Task to carry out –
Below this line is a set of entries; quote exactly the lines from the line that contains "#88=FACE_BOUND('',#87,.T.);" to the line that contains "#99=CIRCLE('',#98,10.);", both lines included.

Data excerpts
►

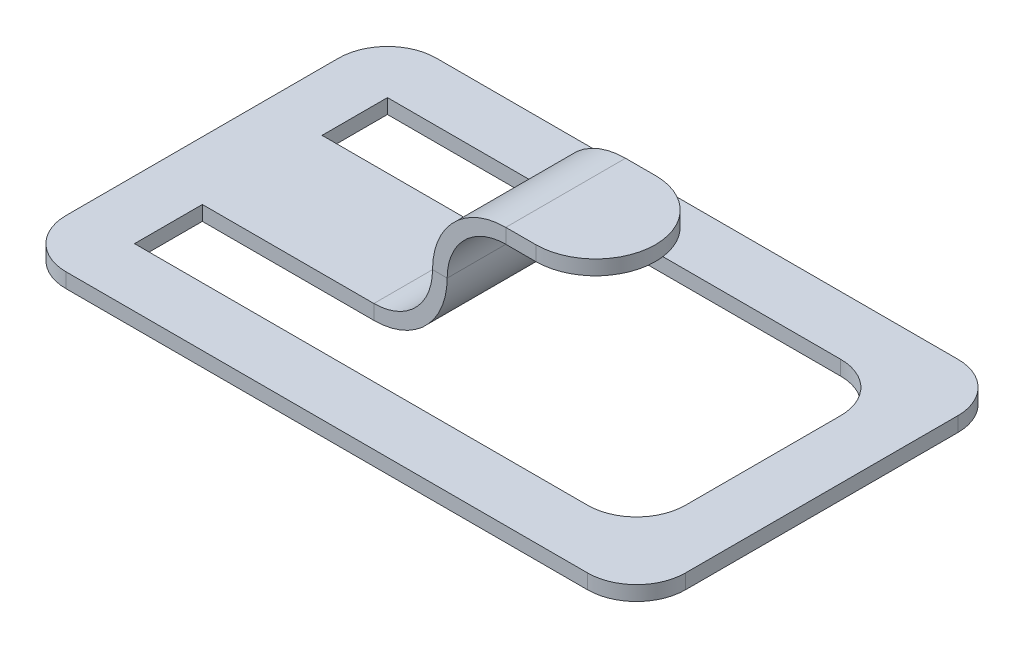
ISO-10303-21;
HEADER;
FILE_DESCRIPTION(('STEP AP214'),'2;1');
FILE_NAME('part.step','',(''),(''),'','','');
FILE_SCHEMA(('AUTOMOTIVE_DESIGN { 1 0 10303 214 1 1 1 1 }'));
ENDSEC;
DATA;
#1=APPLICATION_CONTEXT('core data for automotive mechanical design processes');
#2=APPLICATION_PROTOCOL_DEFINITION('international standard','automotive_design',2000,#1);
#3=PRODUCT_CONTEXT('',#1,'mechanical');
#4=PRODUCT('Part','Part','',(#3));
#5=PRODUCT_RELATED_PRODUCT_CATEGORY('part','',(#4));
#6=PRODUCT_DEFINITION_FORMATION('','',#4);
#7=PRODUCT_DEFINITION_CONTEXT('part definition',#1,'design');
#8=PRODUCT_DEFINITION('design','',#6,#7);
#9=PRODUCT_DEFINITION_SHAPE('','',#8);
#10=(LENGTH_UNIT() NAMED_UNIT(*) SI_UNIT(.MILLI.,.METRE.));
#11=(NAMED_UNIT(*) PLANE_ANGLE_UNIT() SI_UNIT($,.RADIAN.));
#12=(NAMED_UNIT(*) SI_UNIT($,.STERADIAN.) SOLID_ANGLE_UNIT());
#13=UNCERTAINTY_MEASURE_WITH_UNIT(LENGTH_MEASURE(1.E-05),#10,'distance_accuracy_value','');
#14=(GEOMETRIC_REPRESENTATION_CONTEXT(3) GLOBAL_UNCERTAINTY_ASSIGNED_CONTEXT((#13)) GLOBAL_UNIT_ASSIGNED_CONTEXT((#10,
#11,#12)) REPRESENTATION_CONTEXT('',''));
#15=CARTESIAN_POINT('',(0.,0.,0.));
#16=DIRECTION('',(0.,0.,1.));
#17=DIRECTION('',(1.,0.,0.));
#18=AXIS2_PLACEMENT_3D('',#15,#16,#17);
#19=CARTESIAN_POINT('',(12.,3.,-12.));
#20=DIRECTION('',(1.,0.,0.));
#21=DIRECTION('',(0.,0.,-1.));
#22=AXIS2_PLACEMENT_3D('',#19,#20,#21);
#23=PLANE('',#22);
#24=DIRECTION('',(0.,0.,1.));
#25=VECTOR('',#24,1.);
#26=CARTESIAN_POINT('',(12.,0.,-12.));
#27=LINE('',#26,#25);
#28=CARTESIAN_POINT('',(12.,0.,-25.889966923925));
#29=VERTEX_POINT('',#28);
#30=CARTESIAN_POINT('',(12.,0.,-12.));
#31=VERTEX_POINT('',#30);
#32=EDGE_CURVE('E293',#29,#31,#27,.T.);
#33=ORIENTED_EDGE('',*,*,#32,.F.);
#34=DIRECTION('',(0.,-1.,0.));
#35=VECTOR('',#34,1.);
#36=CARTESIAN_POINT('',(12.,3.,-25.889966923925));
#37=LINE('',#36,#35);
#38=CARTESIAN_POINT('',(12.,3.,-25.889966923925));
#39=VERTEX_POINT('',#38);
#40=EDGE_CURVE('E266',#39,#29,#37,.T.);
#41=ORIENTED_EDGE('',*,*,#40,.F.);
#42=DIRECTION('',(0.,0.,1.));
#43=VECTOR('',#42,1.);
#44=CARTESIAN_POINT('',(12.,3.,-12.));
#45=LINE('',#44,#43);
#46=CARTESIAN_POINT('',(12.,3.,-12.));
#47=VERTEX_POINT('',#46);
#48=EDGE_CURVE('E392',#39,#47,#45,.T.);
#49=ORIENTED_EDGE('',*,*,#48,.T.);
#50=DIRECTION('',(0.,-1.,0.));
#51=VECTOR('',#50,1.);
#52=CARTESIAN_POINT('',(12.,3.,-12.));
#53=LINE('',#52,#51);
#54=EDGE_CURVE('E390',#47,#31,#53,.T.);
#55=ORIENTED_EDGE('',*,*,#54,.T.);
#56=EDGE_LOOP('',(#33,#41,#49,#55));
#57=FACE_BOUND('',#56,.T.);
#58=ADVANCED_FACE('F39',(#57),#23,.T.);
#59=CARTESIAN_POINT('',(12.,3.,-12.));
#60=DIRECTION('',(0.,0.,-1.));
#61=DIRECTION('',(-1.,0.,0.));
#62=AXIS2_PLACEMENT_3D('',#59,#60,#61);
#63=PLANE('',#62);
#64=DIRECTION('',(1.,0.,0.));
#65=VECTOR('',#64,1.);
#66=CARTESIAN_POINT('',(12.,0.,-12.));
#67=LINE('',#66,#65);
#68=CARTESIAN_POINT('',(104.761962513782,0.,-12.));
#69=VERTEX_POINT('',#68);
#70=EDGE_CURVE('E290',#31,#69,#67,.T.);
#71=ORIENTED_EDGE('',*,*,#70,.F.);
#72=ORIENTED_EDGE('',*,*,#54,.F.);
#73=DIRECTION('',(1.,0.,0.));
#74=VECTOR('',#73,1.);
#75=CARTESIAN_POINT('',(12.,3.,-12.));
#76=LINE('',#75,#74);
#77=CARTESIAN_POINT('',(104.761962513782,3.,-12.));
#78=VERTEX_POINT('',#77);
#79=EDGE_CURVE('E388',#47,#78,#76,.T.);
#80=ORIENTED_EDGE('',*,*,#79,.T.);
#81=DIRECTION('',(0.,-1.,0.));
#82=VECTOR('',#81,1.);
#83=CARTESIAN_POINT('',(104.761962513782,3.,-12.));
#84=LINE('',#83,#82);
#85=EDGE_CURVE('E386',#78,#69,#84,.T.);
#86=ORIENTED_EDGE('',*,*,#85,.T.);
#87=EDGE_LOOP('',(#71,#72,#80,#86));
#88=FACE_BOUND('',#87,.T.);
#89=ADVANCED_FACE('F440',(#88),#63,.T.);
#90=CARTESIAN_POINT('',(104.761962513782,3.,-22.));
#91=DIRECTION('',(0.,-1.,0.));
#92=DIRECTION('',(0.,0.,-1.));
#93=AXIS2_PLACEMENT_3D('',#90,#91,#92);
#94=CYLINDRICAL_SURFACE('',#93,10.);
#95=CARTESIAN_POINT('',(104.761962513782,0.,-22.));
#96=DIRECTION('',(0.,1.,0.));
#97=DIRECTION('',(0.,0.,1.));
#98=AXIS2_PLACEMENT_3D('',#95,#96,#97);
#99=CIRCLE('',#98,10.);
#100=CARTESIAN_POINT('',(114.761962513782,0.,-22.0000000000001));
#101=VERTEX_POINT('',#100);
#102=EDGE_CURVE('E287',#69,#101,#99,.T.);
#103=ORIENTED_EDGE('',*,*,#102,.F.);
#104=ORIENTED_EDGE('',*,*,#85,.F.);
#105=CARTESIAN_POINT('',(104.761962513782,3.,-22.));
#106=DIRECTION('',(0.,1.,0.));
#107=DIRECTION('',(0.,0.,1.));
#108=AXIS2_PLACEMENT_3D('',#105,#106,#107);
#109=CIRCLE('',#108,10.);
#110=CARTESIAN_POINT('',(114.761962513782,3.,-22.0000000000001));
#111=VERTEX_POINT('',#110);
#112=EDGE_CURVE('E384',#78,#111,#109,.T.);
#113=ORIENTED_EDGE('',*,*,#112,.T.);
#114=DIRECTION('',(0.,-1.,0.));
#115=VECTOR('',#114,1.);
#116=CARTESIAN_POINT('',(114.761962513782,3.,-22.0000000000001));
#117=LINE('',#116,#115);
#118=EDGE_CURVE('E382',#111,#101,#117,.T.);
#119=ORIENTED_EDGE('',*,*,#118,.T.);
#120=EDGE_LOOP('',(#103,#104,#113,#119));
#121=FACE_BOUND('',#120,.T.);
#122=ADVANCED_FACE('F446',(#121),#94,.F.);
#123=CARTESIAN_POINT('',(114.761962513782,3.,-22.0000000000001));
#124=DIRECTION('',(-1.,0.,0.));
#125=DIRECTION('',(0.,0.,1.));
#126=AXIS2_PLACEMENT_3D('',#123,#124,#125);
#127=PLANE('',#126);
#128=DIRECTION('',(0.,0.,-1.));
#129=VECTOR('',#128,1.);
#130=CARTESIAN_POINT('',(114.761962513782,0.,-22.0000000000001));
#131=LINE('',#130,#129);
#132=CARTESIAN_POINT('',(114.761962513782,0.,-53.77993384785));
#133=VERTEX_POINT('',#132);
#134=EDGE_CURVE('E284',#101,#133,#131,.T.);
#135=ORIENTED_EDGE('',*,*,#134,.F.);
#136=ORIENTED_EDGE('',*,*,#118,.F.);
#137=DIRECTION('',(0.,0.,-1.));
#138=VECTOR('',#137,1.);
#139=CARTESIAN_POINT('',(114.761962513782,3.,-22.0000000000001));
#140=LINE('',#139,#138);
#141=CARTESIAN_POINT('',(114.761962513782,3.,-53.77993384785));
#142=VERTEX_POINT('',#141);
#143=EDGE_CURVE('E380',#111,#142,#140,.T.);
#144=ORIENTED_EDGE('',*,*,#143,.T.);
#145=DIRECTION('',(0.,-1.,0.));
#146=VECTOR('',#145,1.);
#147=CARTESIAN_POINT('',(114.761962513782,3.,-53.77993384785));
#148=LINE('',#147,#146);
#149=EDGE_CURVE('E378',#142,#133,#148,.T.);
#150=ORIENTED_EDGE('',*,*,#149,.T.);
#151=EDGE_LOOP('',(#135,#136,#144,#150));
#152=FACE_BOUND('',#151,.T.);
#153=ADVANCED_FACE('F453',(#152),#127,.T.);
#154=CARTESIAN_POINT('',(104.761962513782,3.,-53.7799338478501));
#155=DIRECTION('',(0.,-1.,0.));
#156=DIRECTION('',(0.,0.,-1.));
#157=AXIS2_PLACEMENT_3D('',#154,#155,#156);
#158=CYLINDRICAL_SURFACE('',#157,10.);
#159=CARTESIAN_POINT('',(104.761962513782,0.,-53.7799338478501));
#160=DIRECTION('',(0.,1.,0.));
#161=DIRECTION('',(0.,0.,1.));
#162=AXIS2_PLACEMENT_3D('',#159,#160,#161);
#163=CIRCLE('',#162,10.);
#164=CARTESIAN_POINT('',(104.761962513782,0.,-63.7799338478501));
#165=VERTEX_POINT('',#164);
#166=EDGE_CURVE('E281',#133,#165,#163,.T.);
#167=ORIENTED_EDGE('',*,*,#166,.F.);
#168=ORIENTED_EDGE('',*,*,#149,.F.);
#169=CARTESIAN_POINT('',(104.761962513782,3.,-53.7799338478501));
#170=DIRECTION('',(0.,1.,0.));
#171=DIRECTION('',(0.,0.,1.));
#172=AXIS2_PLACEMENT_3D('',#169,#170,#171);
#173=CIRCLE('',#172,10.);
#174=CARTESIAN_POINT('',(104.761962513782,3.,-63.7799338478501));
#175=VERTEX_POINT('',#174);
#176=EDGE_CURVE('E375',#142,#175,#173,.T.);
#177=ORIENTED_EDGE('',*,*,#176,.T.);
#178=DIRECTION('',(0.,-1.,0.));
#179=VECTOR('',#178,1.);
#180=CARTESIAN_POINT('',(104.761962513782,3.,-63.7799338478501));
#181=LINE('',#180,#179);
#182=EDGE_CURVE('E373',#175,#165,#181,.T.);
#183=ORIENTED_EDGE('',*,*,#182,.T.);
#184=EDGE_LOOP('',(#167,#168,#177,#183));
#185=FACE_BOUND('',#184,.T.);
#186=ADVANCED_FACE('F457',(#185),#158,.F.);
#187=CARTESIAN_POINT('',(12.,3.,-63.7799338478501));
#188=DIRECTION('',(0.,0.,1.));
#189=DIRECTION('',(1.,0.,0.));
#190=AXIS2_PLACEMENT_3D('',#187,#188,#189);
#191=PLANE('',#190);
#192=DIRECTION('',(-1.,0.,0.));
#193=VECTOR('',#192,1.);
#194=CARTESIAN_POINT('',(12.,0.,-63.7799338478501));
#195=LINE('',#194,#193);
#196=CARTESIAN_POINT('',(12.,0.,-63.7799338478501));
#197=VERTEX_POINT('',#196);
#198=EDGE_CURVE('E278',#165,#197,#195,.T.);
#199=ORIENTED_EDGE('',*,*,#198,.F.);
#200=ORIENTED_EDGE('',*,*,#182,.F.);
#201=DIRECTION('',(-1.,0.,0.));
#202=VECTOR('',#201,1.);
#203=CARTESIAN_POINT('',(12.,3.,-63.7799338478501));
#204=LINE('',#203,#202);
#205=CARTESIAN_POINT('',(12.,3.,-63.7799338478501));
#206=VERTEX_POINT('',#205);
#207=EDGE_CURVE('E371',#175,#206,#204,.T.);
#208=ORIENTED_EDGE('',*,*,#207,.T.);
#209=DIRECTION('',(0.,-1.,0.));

◄

Answer to this problem –
#88=FACE_BOUND('',#87,.T.);
#89=ADVANCED_FACE('F440',(#88),#63,.T.);
#90=CARTESIAN_POINT('',(104.761962513782,3.,-22.));
#91=DIRECTION('',(0.,-1.,0.));
#92=DIRECTION('',(0.,0.,-1.));
#93=AXIS2_PLACEMENT_3D('',#90,#91,#92);
#94=CYLINDRICAL_SURFACE('',#93,10.);
#95=CARTESIAN_POINT('',(104.761962513782,0.,-22.));
#96=DIRECTION('',(0.,1.,0.));
#97=DIRECTION('',(0.,0.,1.));
#98=AXIS2_PLACEMENT_3D('',#95,#96,#97);
#99=CIRCLE('',#98,10.);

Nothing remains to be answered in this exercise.